⟨
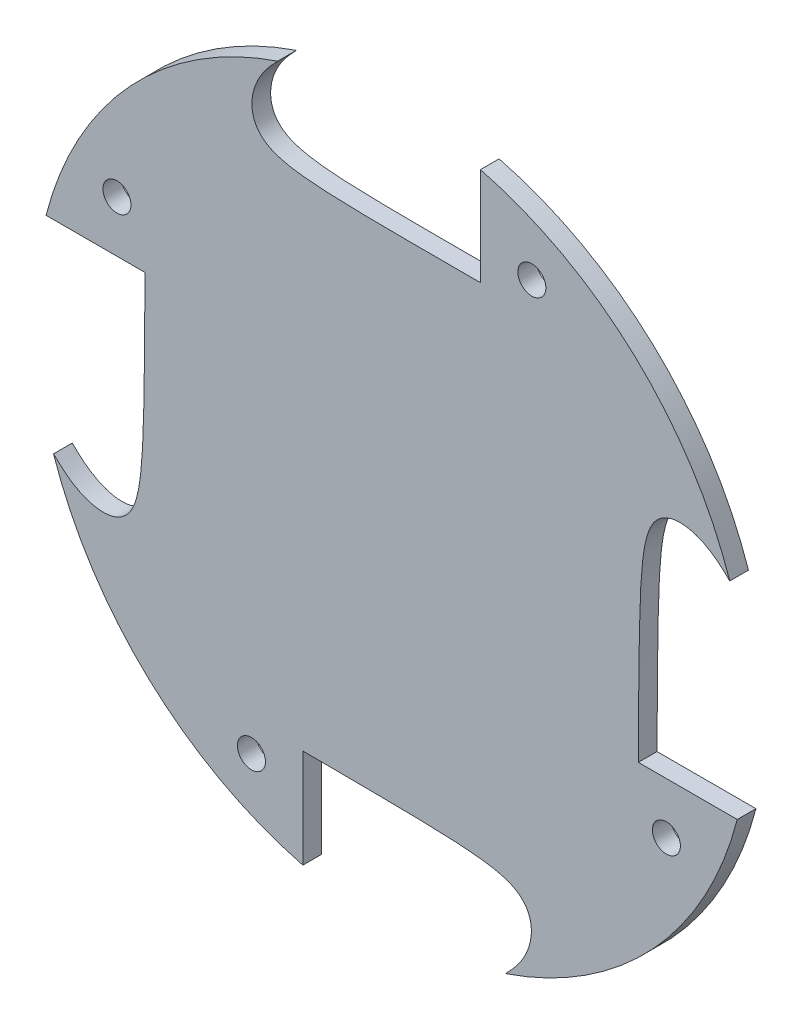
ISO-10303-21;
HEADER;
FILE_DESCRIPTION(('STEP AP214'),'2;1');
FILE_NAME('part.step','',(''),(''),'','','');
FILE_SCHEMA(('AUTOMOTIVE_DESIGN { 1 0 10303 214 1 1 1 1 }'));
ENDSEC;
DATA;
#1=APPLICATION_CONTEXT('core data for automotive mechanical design processes');
#2=APPLICATION_PROTOCOL_DEFINITION('international standard','automotive_design',2000,#1);
#3=PRODUCT_CONTEXT('',#1,'mechanical');
#4=PRODUCT('Part','Part','',(#3));
#5=PRODUCT_RELATED_PRODUCT_CATEGORY('part','',(#4));
#6=PRODUCT_DEFINITION_FORMATION('','',#4);
#7=PRODUCT_DEFINITION_CONTEXT('part definition',#1,'design');
#8=PRODUCT_DEFINITION('design','',#6,#7);
#9=PRODUCT_DEFINITION_SHAPE('','',#8);
#10=(LENGTH_UNIT() NAMED_UNIT(*) SI_UNIT(.MILLI.,.METRE.));
#11=(NAMED_UNIT(*) PLANE_ANGLE_UNIT() SI_UNIT($,.RADIAN.));
#12=(NAMED_UNIT(*) SI_UNIT($,.STERADIAN.) SOLID_ANGLE_UNIT());
#13=UNCERTAINTY_MEASURE_WITH_UNIT(LENGTH_MEASURE(1.E-05),#10,'distance_accuracy_value','');
#14=(GEOMETRIC_REPRESENTATION_CONTEXT(3) GLOBAL_UNCERTAINTY_ASSIGNED_CONTEXT((#13)) GLOBAL_UNIT_ASSIGNED_CONTEXT((#10,
#11,#12)) REPRESENTATION_CONTEXT('',''));
#15=CARTESIAN_POINT('',(0.,0.,0.));
#16=DIRECTION('',(0.,0.,1.));
#17=DIRECTION('',(1.,0.,0.));
#18=AXIS2_PLACEMENT_3D('',#15,#16,#17);
#19=CARTESIAN_POINT('',(24.392810523915,-72.348554199406,4.));
#20=CARTESIAN_POINT('',(27.0406670726884,-69.5410863292131,4.));
#21=CARTESIAN_POINT('',(29.0891629376006,-67.4285749685224,4.));
#22=CARTESIAN_POINT('',(30.2414418616137,-64.3558311711541,4.));
#23=CARTESIAN_POINT('',(31.0736433067342,-60.9630098948933,4.));
#24=CARTESIAN_POINT('',(30.5615193405061,-59.0425450215381,4.));
#25=CARTESIAN_POINT('',(29.2171939291575,-56.6739716777334,4.));
#26=CARTESIAN_POINT('',(27.4887755431378,-54.2413828381502,4.));
#27=CARTESIAN_POINT('',(25.1059549538443,-52.9999999999996,4.));
#28=CARTESIAN_POINT('',(17.3743272101338,-52.9999999999997,4.));
#29=CARTESIAN_POINT('',(-18.9999999999992,-52.782560411168,4.));
#30=B_SPLINE_CURVE_WITH_KNOTS('',10,(#19,#20,#21,#22,#23,#24,#25,#26,#27,#28,#29),.UNSPECIFIED.,
.F.,.F.,(11,11),(0.,1.),.UNSPECIFIED.);
#31=DIRECTION('',(0.,0.,-1.));
#32=VECTOR('',#31,1.);
#33=SURFACE_OF_LINEAR_EXTRUSION('',#30,#32);
#34=CARTESIAN_POINT('',(24.392810523915,-72.348554199406,0.));
#35=CARTESIAN_POINT('',(27.0406670726884,-69.5410863292131,0.));
#36=CARTESIAN_POINT('',(29.0891629376006,-67.4285749685224,0.));
#37=CARTESIAN_POINT('',(30.2414418616137,-64.3558311711541,0.));
#38=CARTESIAN_POINT('',(31.0736433067342,-60.9630098948933,0.));
#39=CARTESIAN_POINT('',(30.5615193405061,-59.0425450215381,0.));
#40=CARTESIAN_POINT('',(29.2171939291575,-56.6739716777334,0.));
#41=CARTESIAN_POINT('',(27.4887755431378,-54.2413828381502,0.));
#42=CARTESIAN_POINT('',(25.1059549538443,-52.9999999999996,0.));
#43=CARTESIAN_POINT('',(17.3743272101338,-52.9999999999997,0.));
#44=CARTESIAN_POINT('',(-18.9999999999992,-52.782560411168,0.));
#45=B_SPLINE_CURVE_WITH_KNOTS('',10,(#34,#35,#36,#37,#38,#39,#40,#41,#42,#43,#44),.UNSPECIFIED.,
.F.,.F.,(11,11),(0.,1.),.UNSPECIFIED.);
#46=CARTESIAN_POINT('',(24.392810523915,-72.348554199406,0.));
#47=VERTEX_POINT('',#46);
#48=CARTESIAN_POINT('',(-18.9999999999992,-52.782560411168,0.));
#49=VERTEX_POINT('',#48);
#50=EDGE_CURVE('E273',#47,#49,#45,.T.);
#51=ORIENTED_EDGE('',*,*,#50,.F.);
#52=DIRECTION('',(0.,0.,-1.));
#53=VECTOR('',#52,1.);
#54=CARTESIAN_POINT('',(24.392810523915,-72.348554199406,4.));
#55=LINE('',#54,#53);
#56=CARTESIAN_POINT('',(24.392810523915,-72.348554199406,4.));
#57=VERTEX_POINT('',#56);
#58=EDGE_CURVE('E11',#57,#47,#55,.T.);
#59=ORIENTED_EDGE('',*,*,#58,.F.);
#60=CARTESIAN_POINT('',(-18.9999999999992,-52.782560411168,4.));
#61=VERTEX_POINT('',#60);
#62=EDGE_CURVE('E323',#57,#61,#30,.T.);
#63=ORIENTED_EDGE('',*,*,#62,.T.);
#64=DIRECTION('',(0.,0.,-1.));
#65=VECTOR('',#64,1.);
#66=CARTESIAN_POINT('',(-18.9999999999992,-52.782560411168,4.));
#67=LINE('',#66,#65);
#68=EDGE_CURVE('E111',#61,#49,#67,.T.);
#69=ORIENTED_EDGE('',*,*,#68,.T.);
#70=EDGE_LOOP('',(#51,#59,#63,#69));
#71=FACE_BOUND('',#70,.T.);
#72=ADVANCED_FACE('F42',(#71),#33,.T.);
#73=CARTESIAN_POINT('',(0.,0.,4.));
#74=DIRECTION('',(0.,0.,-1.));
#75=DIRECTION('',(-1.,0.,0.));
#76=AXIS2_PLACEMENT_3D('',#73,#74,#75);
#77=CYLINDRICAL_SURFACE('',#76,76.35);
#78=CARTESIAN_POINT('',(0.,0.,0.));
#79=DIRECTION('',(0.,0.,1.));
#80=DIRECTION('',(1.,0.,0.));
#81=AXIS2_PLACEMENT_3D('',#78,#79,#80);
#82=CIRCLE('',#81,76.35);
#83=CARTESIAN_POINT('',(73.9481068047045,-19.0000000000005,0.));
#84=VERTEX_POINT('',#83);
#85=EDGE_CURVE('E263',#47,#84,#82,.T.);
#86=ORIENTED_EDGE('',*,*,#85,.T.);
#87=DIRECTION('',(0.,0.,-1.));
#88=VECTOR('',#87,1.);
#89=CARTESIAN_POINT('',(73.9481068047045,-19.0000000000005,4.));
#90=LINE('',#89,#88);
#91=CARTESIAN_POINT('',(73.9481068047045,-19.0000000000005,4.));
#92=VERTEX_POINT('',#91);
#93=EDGE_CURVE('E51',#92,#84,#90,.T.);
#94=ORIENTED_EDGE('',*,*,#93,.F.);
#95=CARTESIAN_POINT('',(0.,0.,4.));
#96=DIRECTION('',(0.,0.,1.));
#97=DIRECTION('',(1.,0.,0.));
#98=AXIS2_PLACEMENT_3D('',#95,#96,#97);
#99=CIRCLE('',#98,76.35);
#100=EDGE_CURVE('E409',#57,#92,#99,.T.);
#101=ORIENTED_EDGE('',*,*,#100,.F.);
#102=ORIENTED_EDGE('',*,*,#58,.T.);
#103=EDGE_LOOP('',(#86,#94,#101,#102));
#104=FACE_BOUND('',#103,.T.);
#105=ADVANCED_FACE('F372',(#104),#77,.T.);
#106=CARTESIAN_POINT('',(0.,-19.0000000000005,4.));
#107=DIRECTION('',(0.,-1.,0.));
#108=DIRECTION('',(0.,0.,-1.));
#109=AXIS2_PLACEMENT_3D('',#106,#107,#108);
#110=PLANE('',#109);
#111=DIRECTION('',(-1.,0.,0.));
#112=VECTOR('',#111,1.);
#113=CARTESIAN_POINT('',(0.,-19.0000000000005,0.));
#114=LINE('',#113,#112);
#115=CARTESIAN_POINT('',(52.7825604111679,-19.0000000000005,0.));
#116=VERTEX_POINT('',#115);
#117=EDGE_CURVE('E254',#84,#116,#114,.T.);
#118=ORIENTED_EDGE('',*,*,#117,.T.);
#119=DIRECTION('',(0.,0.,-1.));
#120=VECTOR('',#119,1.);
#121=CARTESIAN_POINT('',(52.7825604111679,-19.0000000000005,4.));
#122=LINE('',#121,#120);
#123=CARTESIAN_POINT('',(52.7825604111679,-19.0000000000005,4.));
#124=VERTEX_POINT('',#123);
#125=EDGE_CURVE('E242',#124,#116,#122,.T.);
#126=ORIENTED_EDGE('',*,*,#125,.F.);
#127=DIRECTION('',(-1.,0.,0.));
#128=VECTOR('',#127,1.);
#129=CARTESIAN_POINT('',(0.,-19.0000000000005,4.));
#130=LINE('',#129,#128);
#131=EDGE_CURVE('E256',#92,#124,#130,.T.);
#132=ORIENTED_EDGE('',*,*,#131,.F.);
#133=ORIENTED_EDGE('',*,*,#93,.T.);
#134=EDGE_LOOP('',(#118,#126,#132,#133));
#135=FACE_BOUND('',#134,.T.);
#136=ADVANCED_FACE('F252',(#135),#110,.F.);
#137=CARTESIAN_POINT('',(72.3485541994065,24.3928105239135,4.));
#138=CARTESIAN_POINT('',(69.5410863292133,27.0406670726869,4.));
#139=CARTESIAN_POINT('',(67.4285749685226,29.0891629375991,4.));
#140=CARTESIAN_POINT('',(64.3558311711543,30.2414418616122,4.));
#141=CARTESIAN_POINT('',(60.9630098948935,31.0736433067328,4.));
#142=CARTESIAN_POINT('',(59.0425450215383,30.5615193405047,4.));
#143=CARTESIAN_POINT('',(56.6739716777336,29.217193929156,4.));
#144=CARTESIAN_POINT('',(54.2413828381504,27.4887755431363,4.));
#145=CARTESIAN_POINT('',(52.9999999999998,25.1059549538429,4.));
#146=CARTESIAN_POINT('',(52.9999999999999,17.3743272101324,4.));
#147=CARTESIAN_POINT('',(52.7825604111679,-19.0000000000005,4.));
#148=B_SPLINE_CURVE_WITH_KNOTS('',10,(#137,#138,#139,#140,#141,#142,#143,#144,#145,#146,#147),
.UNSPECIFIED.,.F.,.F.,(11,11),(0.,1.),.UNSPECIFIED.);
#149=DIRECTION('',(0.,0.,-1.));
#150=VECTOR('',#149,1.);
#151=SURFACE_OF_LINEAR_EXTRUSION('',#148,#150);
#152=CARTESIAN_POINT('',(72.3485541994065,24.3928105239135,0.));
#153=CARTESIAN_POINT('',(69.5410863292133,27.0406670726869,0.));
#154=CARTESIAN_POINT('',(67.4285749685226,29.0891629375991,0.));
#155=CARTESIAN_POINT('',(64.3558311711543,30.2414418616122,0.));
#156=CARTESIAN_POINT('',(60.9630098948935,31.0736433067328,0.));
#157=CARTESIAN_POINT('',(59.0425450215383,30.5615193405047,0.));
#158=CARTESIAN_POINT('',(56.6739716777336,29.217193929156,0.));
#159=CARTESIAN_POINT('',(54.2413828381504,27.4887755431363,0.));
#160=CARTESIAN_POINT('',(52.9999999999998,25.1059549538429,0.));
#161=CARTESIAN_POINT('',(52.9999999999999,17.3743272101324,0.));
#162=CARTESIAN_POINT('',(52.7825604111679,-19.0000000000005,0.));
#163=B_SPLINE_CURVE_WITH_KNOTS('',10,(#152,#153,#154,#155,#156,#157,#158,#159,#160,#161,#162),
.UNSPECIFIED.,.F.,.F.,(11,11),(0.,1.),.UNSPECIFIED.);
#164=CARTESIAN_POINT('',(72.3485541994065,24.3928105239135,0.));
#165=VERTEX_POINT('',#164);
#166=EDGE_CURVE('E266',#165,#116,#163,.T.);
#167=ORIENTED_EDGE('',*,*,#166,.F.);
#168=DIRECTION('',(0.,0.,-1.));
#169=VECTOR('',#168,1.);
#170=CARTESIAN_POINT('',(72.3485541994065,24.3928105239135,4.));
#171=LINE('',#170,#169);
#172=CARTESIAN_POINT('',(72.3485541994065,24.3928105239135,4.));
#173=VERTEX_POINT('',#172);
#174=EDGE_CURVE('E240',#173,#165,#171,.T.);
#175=ORIENTED_EDGE('',*,*,#174,.F.);
#176=EDGE_CURVE('E386',#173,#124,#148,.T.);
#177=ORIENTED_EDGE('',*,*,#176,.T.);
#178=ORIENTED_EDGE('',*,*,#125,.T.);
#179=EDGE_LOOP('',(#167,#175,#177,#178));
#180=FACE_BOUND('',#179,.T.);
#181=ADVANCED_FACE('F379',(#180),#151,.T.);
#182=CARTESIAN_POINT('',(0.,0.,4.));
#183=DIRECTION('',(0.,0.,-1.));
#184=DIRECTION('',(-1.,0.,0.));
#185=AXIS2_PLACEMENT_3D('',#182,#183,#184);
#186=CYLINDRICAL_SURFACE('',#185,76.35);
#187=CARTESIAN_POINT('',(0.,0.,0.));
#188=DIRECTION('',(0.,0.,1.));
#189=DIRECTION('',(1.,0.,0.));
#190=AXIS2_PLACEMENT_3D('',#187,#188,#189);
#191=CIRCLE('',#190,76.35);
#192=CARTESIAN_POINT('',(19.0000000000008,73.9481068047044,0.));
#193=VERTEX_POINT('',#192);
#194=EDGE_CURVE('E270',#165,#193,#191,.T.);
#195=ORIENTED_EDGE('',*,*,#194,.T.);
#196=DIRECTION('',(0.,0.,-1.));
#197=VECTOR('',#196,1.);
#198=CARTESIAN_POINT('',(19.0000000000008,73.9481068047044,4.));
#199=LINE('',#198,#197);
#200=CARTESIAN_POINT('',(19.0000000000008,73.9481068047044,4.));
#201=VERTEX_POINT('',#200);
#202=EDGE_CURVE('E236',#201,#193,#199,.T.);
#203=ORIENTED_EDGE('',*,*,#202,.F.);
#204=CARTESIAN_POINT('',(0.,0.,4.));
#205=DIRECTION('',(0.,0.,1.));
#206=DIRECTION('',(1.,0.,0.));
#207=AXIS2_PLACEMENT_3D('',#204,#205,#206);
#208=CIRCLE('',#207,76.35);
#209=EDGE_CURVE('E393',#173,#201,#208,.T.);
#210=ORIENTED_EDGE('',*,*,#209,.F.);
#211=ORIENTED_EDGE('',*,*,#174,.T.);
#212=EDGE_LOOP('',(#195,#203,#210,#211));
#213=FACE_BOUND('',#212,.T.);
#214=ADVANCED_FACE('F384',(#213),#186,.T.);
#215=CARTESIAN_POINT('',(19.0000000000008,0.,4.));
#216=DIRECTION('',(1.,0.,0.));
#217=DIRECTION('',(0.,0.,-1.));
#218=AXIS2_PLACEMENT_3D('',#215,#216,#217);
#219=PLANE('',#218);
#220=DIRECTION('',(0.,-1.,0.));
#221=VECTOR('',#220,1.);
#222=CARTESIAN_POINT('',(19.0000000000008,0.,0.));
#223=LINE('',#222,#221);
#224=CARTESIAN_POINT('',(19.0000000000008,53.,0.));
#225=VERTEX_POINT('',#224);
#226=EDGE_CURVE('E284',#193,#225,#223,.T.);
#227=ORIENTED_EDGE('',*,*,#226,.T.);
#228=DIRECTION('',(0.,0.,-1.));
#229=VECTOR('',#228,1.);
#230=CARTESIAN_POINT('',(19.0000000000008,53.,4.));
#231=LINE('',#230,#229);
#232=CARTESIAN_POINT('',(19.0000000000008,53.,4.));
#233=VERTEX_POINT('',#232);
#234=EDGE_CURVE('E234',#233,#225,#231,.T.);
#235=ORIENTED_EDGE('',*,*,#234,.F.);
#236=DIRECTION('',(0.,-1.,0.));
#237=VECTOR('',#236,1.);
#238=CARTESIAN_POINT('',(19.0000000000008,0.,4.));
#239=LINE('',#238,#237);
#240=EDGE_CURVE('E209',#201,#233,#239,.T.);
#241=ORIENTED_EDGE('',*,*,#240,.F.);
#242=ORIENTED_EDGE('',*,*,#202,.T.);
#243=EDGE_LOOP('',(#227,#235,#241,#242));
#244=FACE_BOUND('',#243,.T.);
#245=ADVANCED_FACE('F199',(#244),#219,.F.);
#246=CARTESIAN_POINT('',(-24.3928105239137,72.3485541994064,4.));
#247=CARTESIAN_POINT('',(-27.0406670726872,69.5410863292135,4.));
#248=CARTESIAN_POINT('',(-29.0891629375994,67.4285749685228,4.));
#249=CARTESIAN_POINT('',(-30.2414418616125,64.3558311711545,4.));
#250=CARTESIAN_POINT('',(-31.073643306733,60.9630098948937,4.));
#251=CARTESIAN_POINT('',(-30.561519340505,59.0425450215385,4.));
#252=CARTESIAN_POINT('',(-29.2171939291564,56.6739716777338,4.));
#253=CARTESIAN_POINT('',(-27.4887755431367,54.2413828381506,4.));
#254=CARTESIAN_POINT('',(-25.1059549538432,53.,4.));
#255=CARTESIAN_POINT('',(-17.3743272101327,53.,4.));
#256=CARTESIAN_POINT('',(19.0000000000008,53.,4.));
#257=B_SPLINE_CURVE_WITH_KNOTS('',10,(#246,#247,#248,#249,#250,#251,#252,#253,#254,#255,#256),
.UNSPECIFIED.,.F.,.F.,(11,11),(0.,1.),.UNSPECIFIED.);
#258=DIRECTION('',(0.,0.,-1.));
#259=VECTOR('',#258,1.);
#260=SURFACE_OF_LINEAR_EXTRUSION('',#257,#259);
#261=CARTESIAN_POINT('',(-24.3928105239137,72.3485541994064,0.));
#262=CARTESIAN_POINT('',(-27.0406670726872,69.5410863292135,0.));
#263=CARTESIAN_POINT('',(-29.0891629375994,67.4285749685228,0.));
#264=CARTESIAN_POINT('',(-30.2414418616125,64.3558311711545,0.));
#265=CARTESIAN_POINT('',(-31.073643306733,60.9630098948937,0.));
#266=CARTESIAN_POINT('',(-30.561519340505,59.0425450215385,0.));
#267=CARTESIAN_POINT('',(-29.2171939291564,56.6739716777338,0.));
#268=CARTESIAN_POINT('',(-27.4887755431367,54.2413828381506,0.));
#269=CARTESIAN_POINT('',(-25.1059549538432,53.,0.));
#270=CARTESIAN_POINT('',(-17.3743272101327,53.,0.));
#271=CARTESIAN_POINT('',(19.0000000000008,53.,0.));
#272=B_SPLINE_CURVE_WITH_KNOTS('',10,(#261,#262,#263,#264,#265,#266,#267,#268,#269,#270,#271),
.UNSPECIFIED.,.F.,.F.,(11,11),(0.,1.),.UNSPECIFIED.);
#273=CARTESIAN_POINT('',(-24.3928105239137,72.3485541994064,0.));
#274=VERTEX_POINT('',#273);
#275=EDGE_CURVE('E288',#274,#225,#272,.T.);
#276=ORIENTED_EDGE('',*,*,#275,.F.);
#277=DIRECTION('',(0.,0.,-1.));
#278=VECTOR('',#277,1.);
#279=CARTESIAN_POINT('',(-24.3928105239137,72.3485541994064,4.));
#280=LINE('',#279,#278);
#281=CARTESIAN_POINT('',(-24.3928105239137,72.3485541994064,4.));
#282=VERTEX_POINT('',#281);
#283=EDGE_CURVE('E226',#282,#274,#280,.T.);
#284=ORIENTED_EDGE('',*,*,#283,.F.);
#285=EDGE_CURVE('E202',#282,#233,#257,.T.);
#286=ORIENTED_EDGE('',*,*,#285,.T.);
#287=ORIENTED_EDGE('',*,*,#234,.T.);
#288=EDGE_LOOP('',(#276,#284,#286,#287));
#289=FACE_BOUND('',#288,.T.);
#290=ADVANCED_FACE('F194',(#289),#260,.T.);
#291=CARTESIAN_POINT('',(0.,0.,4.));
#292=DIRECTION('',(0.,0.,-1.));
#293=DIRECTION('',(-1.,0.,0.));
#294=AXIS2_PLACEMENT_3D('',#291,#292,#293);
#295=CYLINDRICAL_SURFACE('',#294,76.35);
#296=CARTESIAN_POINT('',(0.,0.,0.));
#297=DIRECTION('',(0.,0.,1.));
#298=DIRECTION('',(1.,0.,0.));
#299=AXIS2_PLACEMENT_3D('',#296,#297,#298);
#300=CIRCLE('',#299,76.35);
#301=CARTESIAN_POINT('',(-73.9481068047048,18.9999999999995,0.));
#302=VERTEX_POINT('',#301);
#303=EDGE_CURVE('E223',#274,#302,#300,.T.);
#304=ORIENTED_EDGE('',*,*,#303,.T.);
#305=DIRECTION('',(0.,0.,-1.));
#306=VECTOR('',#305,1.);
#307=CARTESIAN_POINT('',(-73.9481068047048,18.9999999999995,4.));
#308=LINE('',#307,#306);
#309=CARTESIAN_POINT('',(-73.9481068047048,18.9999999999995,4.));
#310=VERTEX_POINT('',#309);
#311=EDGE_CURVE('E221',#310,#302,#308,.T.);
#312=ORIENTED_EDGE('',*,*,#311,.F.);
#313=CARTESIAN_POINT('',(0.,0.,4.));
#314=DIRECTION('',(0.,0.,1.));
#315=DIRECTION('',(1.,0.,0.));
#316=AXIS2_PLACEMENT_3D('',#313,#314,#315);
#317=CIRCLE('',#316,76.35);
#318=EDGE_CURVE('E172',#282,#310,#317,.T.);
#319=ORIENTED_EDGE('',*,*,#318,.F.);
#320=ORIENTED_EDGE('',*,*,#283,.T.);
#321=EDGE_LOOP('',(#304,#312,#319,#320));
#322=FACE_BOUND('',#321,.T.);
#323=ADVANCED_FACE('F190',(#322),#295,.T.);
#324=CARTESIAN_POINT('',(0.,18.9999999999995,4.));
#325=DIRECTION('',(0.,1.,0.));
#326=DIRECTION('',(0.,0.,1.));
#327=AXIS2_PLACEMENT_3D('',#324,#325,#326);
#328=PLANE('',#327);
#329=DIRECTION('',(1.,0.,0.));
#330=VECTOR('',#329,1.);
#331=CARTESIAN_POINT('',(0.,18.9999999999995,0.));
#332=LINE('',#331,#330);
#333=CARTESIAN_POINT('',(-52.7825604111669,18.9999999999995,0.));
#334=VERTEX_POINT('',#333);
#335=EDGE_CURVE('E228',#302,#334,#332,.T.);
#336=ORIENTED_EDGE('',*,*,#335,.T.);
#337=DIRECTION('',(0.,0.,-1.));
#338=VECTOR('',#337,1.);
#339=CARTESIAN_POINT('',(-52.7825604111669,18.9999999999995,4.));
⟩
What this task involves: Take the lines of the material above from the first through the one containing "#6=PRODUCT_DEFINITION_FORMATION('','',#4);", both included, and print them exactly without the pictures.

Solution to the problem:
ISO-10303-21;
HEADER;
FILE_DESCRIPTION(('STEP AP214'),'2;1');
FILE_NAME('part.step','',(''),(''),'','','');
FILE_SCHEMA(('AUTOMOTIVE_DESIGN { 1 0 10303 214 1 1 1 1 }'));
ENDSEC;
DATA;
#1=APPLICATION_CONTEXT('core data for automotive mechanical design processes');
#2=APPLICATION_PROTOCOL_DEFINITION('international standard','automotive_design',2000,#1);
#3=PRODUCT_CONTEXT('',#1,'mechanical');
#4=PRODUCT('Part','Part','',(#3));
#5=PRODUCT_RELATED_PRODUCT_CATEGORY('part','',(#4));
#6=PRODUCT_DEFINITION_FORMATION('','',#4);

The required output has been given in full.